══ Excerpted data ══

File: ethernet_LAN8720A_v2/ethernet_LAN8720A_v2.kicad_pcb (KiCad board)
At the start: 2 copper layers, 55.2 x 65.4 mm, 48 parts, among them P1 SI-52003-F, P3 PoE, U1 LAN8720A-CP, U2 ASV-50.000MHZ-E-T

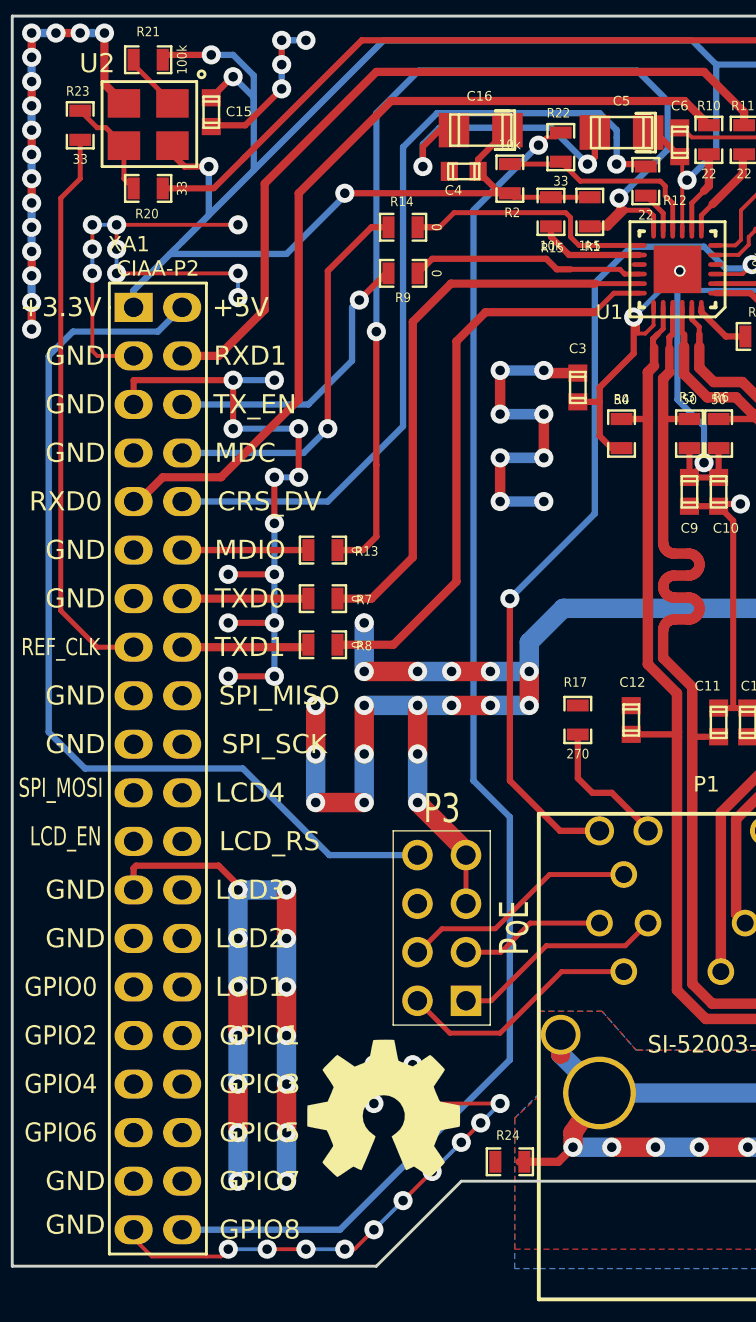
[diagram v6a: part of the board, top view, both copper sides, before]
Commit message: Agrego JP1. Agrego pullup a línea de reset.
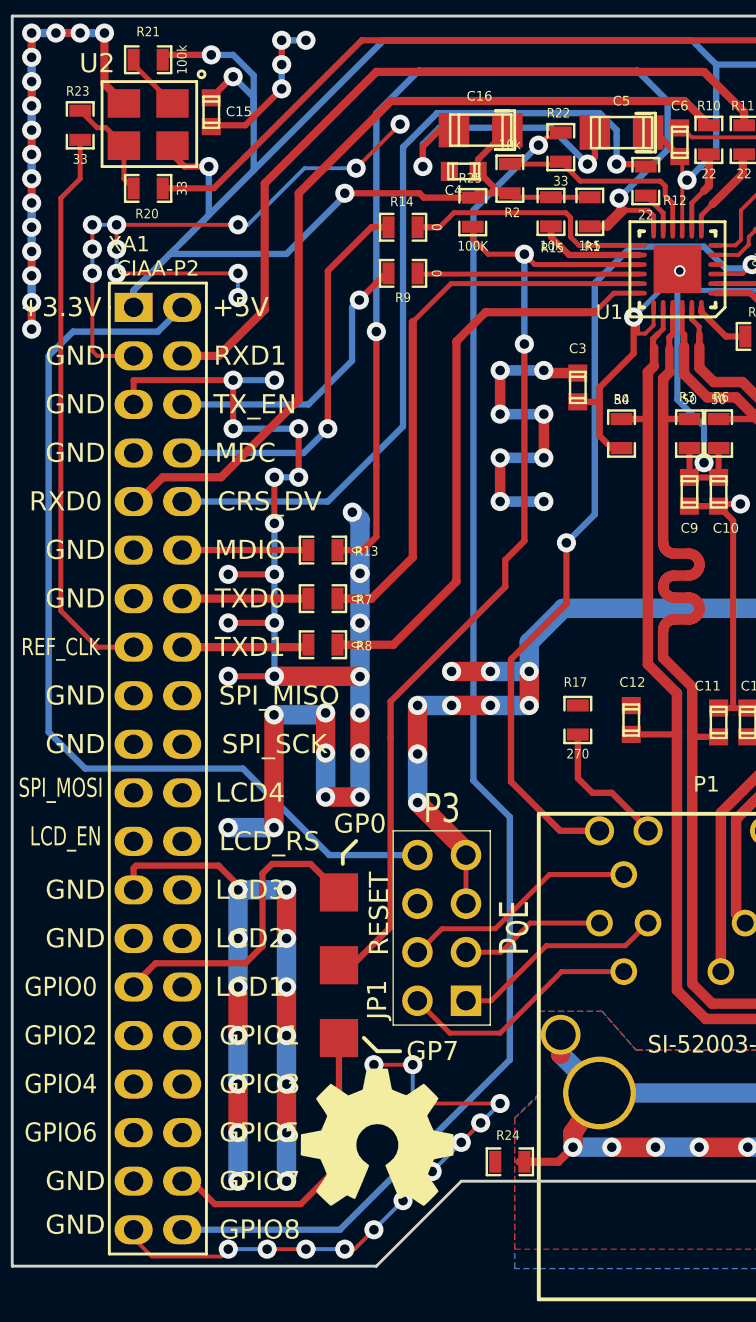
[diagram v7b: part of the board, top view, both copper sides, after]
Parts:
- added JP1: JUMPER3, Oddities:NetTie-II_SMD, F.Cu at (108.3, 118.4)
- added R25: 100K, eth:SM0603_Resistor, F.Cu at (115.3, 79.0)
- moved G101 1.55 mm to (110.3, 127.4)
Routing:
- net /Circuito Principal/PHY_nRESET: track 0.00 -> 51.7 mm, vias 0 -> 2
- net GND: track 345.9 -> 370.8 mm, vias 120 -> 126
- net /Circuito Principal/GPIO0: track 0.00 -> 17.0 mm
- net /Circuito Principal/GPIO7: track 0.00 -> 16.2 mm
- net /Circuito Principal/LED_LINK: track 45.3 -> 46.0 mm
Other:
- board text added: "GP0"
- board text added: "GP7"
- board text added: "RESET"

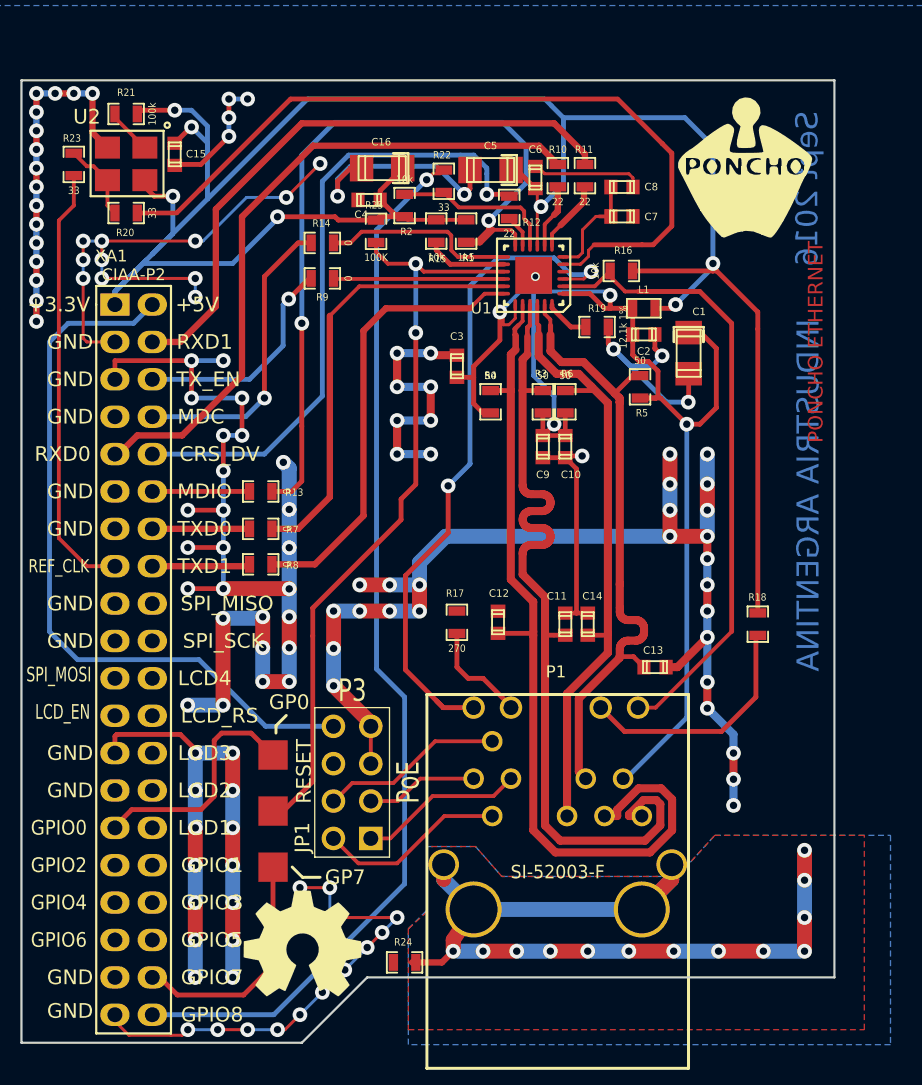
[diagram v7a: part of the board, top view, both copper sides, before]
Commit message: Agrego fiduciales y agujeros al PCB. Configuro DRC. Agrando vía debajo del IC, quito errores de DRC, reorganizo textos.
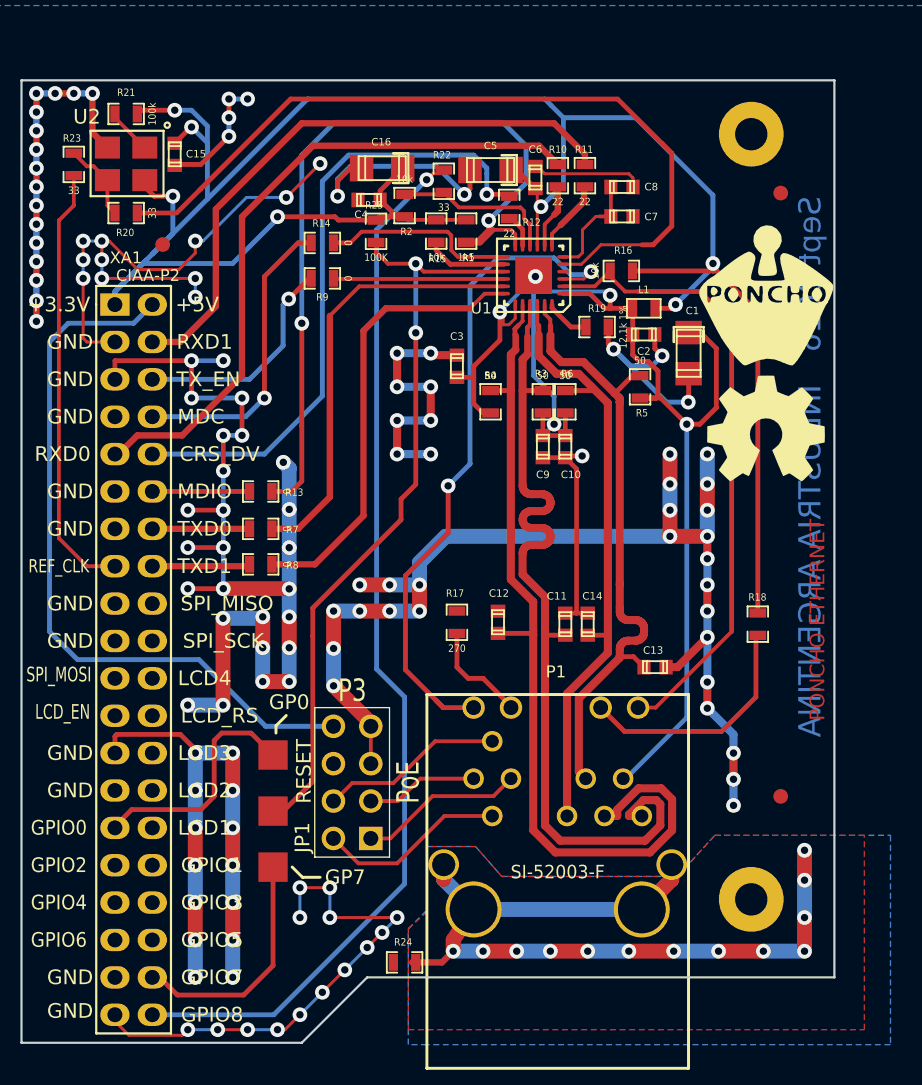
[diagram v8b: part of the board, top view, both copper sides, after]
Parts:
- added FID1: FIDUCIAL, eth:Fiducial_1mm_Dia_2.54mm_Outer_CopperTop, F.Cu at (142.8, 117.4)
- added FID2: FIDUCIAL, eth:Fiducial_1mm_Dia_2.54mm_Outer_CopperTop, F.Cu at (142.8, 76.4)
- added FID3: FIDUCIAL, eth:Fiducial_1mm_Dia_2.54mm_Outer_CopperTop, F.Cu at (100.8, 79.9)
- added MH1: MOUNTING-HOLE, eth:MountingHole_2.2mm_M2_Pad, F.Cu at (140.8, 124.4)
- added MH2: MOUNTING-HOLE, eth:MountingHole_2.2mm_M2_Pad, F.Cu at (140.8, 72.4)
- moved G101 47.1 mm to (141.8, 92.4)
- moved G*** 8.81 mm to (141.8, 83.4)
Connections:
- P3 pad 6: Net-(P3-Pad6) -> (no net)
- U1 pad 4: Net-(U1-Pad4) -> (no net)
- XA1 pad 58: /Circuito Principal/MISO -> (no net)
- XA1 pad 60: /Circuito Principal/spiSCK -> (no net)
- XA1 pad 61: /Circuito Principal/MOSI -> (no net)
- XA1 pad 62: /Circuito Principal/LCD4 -> (no net)
- XA1 pad 63: /Circuito Principal/LCD_EN -> (no net)
- XA1 pad 64: /Circuito Principal/RS -> (no net)
- XA1 pad 66: /Circuito Principal/LCD3 -> (no net)
- XA1 pad 68: /Circuito Principal/LCD2 -> (no net)
- XA1 pad 70: /Circuito Principal/LCD1 -> (no net)
- XA1 pad 71: /Circuito Principal/GPIO2 -> (no net)
- XA1 pad 72: /Circuito Principal/GPIO1 -> (no net)
- XA1 pad 73: /Circuito Principal/GPIO4 -> (no net)
- XA1 pad 74: /Circuito Principal/GPIO3 -> (no net)
- XA1 pad 75: /Circuito Principal/GPIO6 -> (no net)
- XA1 pad 76: /Circuito Principal/GPIO5 -> (no net)
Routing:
- net GND: track 370.8 -> 372.8 mm
- net +3.3V: track 159.6 -> 157.6 mm
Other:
- net class Default: trace_width 0.33 -> 0.2; via_dia 0.6 -> 0.8
- rule via_min_drill: 0.3 -> 0.4
- rule via_min_size: 0.4 -> 0.8
- board text added: "Capas cobre: 2 Espesor placa: 1,6 mm. Espesor de Cobre: 1 Oz. Soporte: FR4 Estándar de Fabricación: Mayer de 8 MILS. Ver: http://www.mayerpcb.com/uploads/estandares.pdf"
- board text removed: "*Falta asociar footprint del jumper de 3 posiciones."
- board text removed: "Diseño simple faz. Sin requerimientos especiales."
- board text removed: "Editar el stackup para reflejar cantidad de capas, si se han realizado cálculos de impedancia o si es relevante para el funcionamiento."

═══

*Requirement:* Type the material out again exactly. Skip the pictures.

*Exercise result:*
File: ethernet_LAN8720A_v2/ethernet_LAN8720A_v2.kicad_pcb (KiCad board)
At the start: 2 copper layers, 55.2 x 65.4 mm, 48 parts, among them P1 SI-52003-F, P3 PoE, U1 LAN8720A-CP, U2 ASV-50.000MHZ-E-T

[diagram v6a: part of the board, top view, both copper sides, before]
Commit message: Agrego JP1. Agrego pullup a línea de reset.
[diagram v7b: part of the board, top view, both copper sides, after]
Parts:
- added JP1: JUMPER3, Oddities:NetTie-II_SMD, F.Cu at (108.3, 118.4)
- added R25: 100K, eth:SM0603_Resistor, F.Cu at (115.3, 79.0)
- moved G101 1.55 mm to (110.3, 127.4)
Routing:
- net /Circuito Principal/PHY_nRESET: track 0.00 -> 51.7 mm, vias 0 -> 2
- net GND: track 345.9 -> 370.8 mm, vias 120 -> 126
- net /Circuito Principal/GPIO0: track 0.00 -> 17.0 mm
- net /Circuito Principal/GPIO7: track 0.00 -> 16.2 mm
- net /Circuito Principal/LED_LINK: track 45.3 -> 46.0 mm
Other:
- board text added: "GP0"
- board text added: "GP7"
- board text added: "RESET"

[diagram v7a: part of the board, top view, both copper sides, before]
Commit message: Agrego fiduciales y agujeros al PCB. Configuro DRC. Agrando vía debajo del IC, quito errores de DRC, reorganizo textos.
[diagram v8b: part of the board, top view, both copper sides, after]
Parts:
- added FID1: FIDUCIAL, eth:Fiducial_1mm_Dia_2.54mm_Outer_CopperTop, F.Cu at (142.8, 117.4)
- added FID2: FIDUCIAL, eth:Fiducial_1mm_Dia_2.54mm_Outer_CopperTop, F.Cu at (142.8, 76.4)
- added FID3: FIDUCIAL, eth:Fiducial_1mm_Dia_2.54mm_Outer_CopperTop, F.Cu at (100.8, 79.9)
- added MH1: MOUNTING-HOLE, eth:MountingHole_2.2mm_M2_Pad, F.Cu at (140.8, 124.4)
- added MH2: MOUNTING-HOLE, eth:MountingHole_2.2mm_M2_Pad, F.Cu at (140.8, 72.4)
- moved G101 47.1 mm to (141.8, 92.4)
- moved G*** 8.81 mm to (141.8, 83.4)
Connections:
- P3 pad 6: Net-(P3-Pad6) -> (no net)
- U1 pad 4: Net-(U1-Pad4) -> (no net)
- XA1 pad 58: /Circuito Principal/MISO -> (no net)
- XA1 pad 60: /Circuito Principal/spiSCK -> (no net)
- XA1 pad 61: /Circuito Principal/MOSI -> (no net)
- XA1 pad 62: /Circuito Principal/LCD4 -> (no net)
- XA1 pad 63: /Circuito Principal/LCD_EN -> (no net)
- XA1 pad 64: /Circuito Principal/RS -> (no net)
- XA1 pad 66: /Circuito Principal/LCD3 -> (no net)
- XA1 pad 68: /Circuito Principal/LCD2 -> (no net)
- XA1 pad 70: /Circuito Principal/LCD1 -> (no net)
- XA1 pad 71: /Circuito Principal/GPIO2 -> (no net)
- XA1 pad 72: /Circuito Principal/GPIO1 -> (no net)
- XA1 pad 73: /Circuito Principal/GPIO4 -> (no net)
- XA1 pad 74: /Circuito Principal/GPIO3 -> (no net)
- XA1 pad 75: /Circuito Principal/GPIO6 -> (no net)
- XA1 pad 76: /Circuito Principal/GPIO5 -> (no net)
Routing:
- net GND: track 370.8 -> 372.8 mm
- net +3.3V: track 159.6 -> 157.6 mm
Other:
- net class Default: trace_width 0.33 -> 0.2; via_dia 0.6 -> 0.8
- rule via_min_drill: 0.3 -> 0.4
- rule via_min_size: 0.4 -> 0.8
- board text added: "Capas cobre: 2 Espesor placa: 1,6 mm. Espesor de Cobre: 1 Oz. Soporte: FR4 Estándar de Fabricación: Mayer de 8 MILS. Ver: http://www.mayerpcb.com/uploads/estandares.pdf"
- board text removed: "*Falta asociar footprint del jumper de 3 posiciones."
- board text removed: "Diseño simple faz. Sin requerimientos especiales."
- board text removed: "Editar el stackup para reflejar cantidad de capas, si se han realizado cálculos de impedancia o si es relevante para el funcionamiento."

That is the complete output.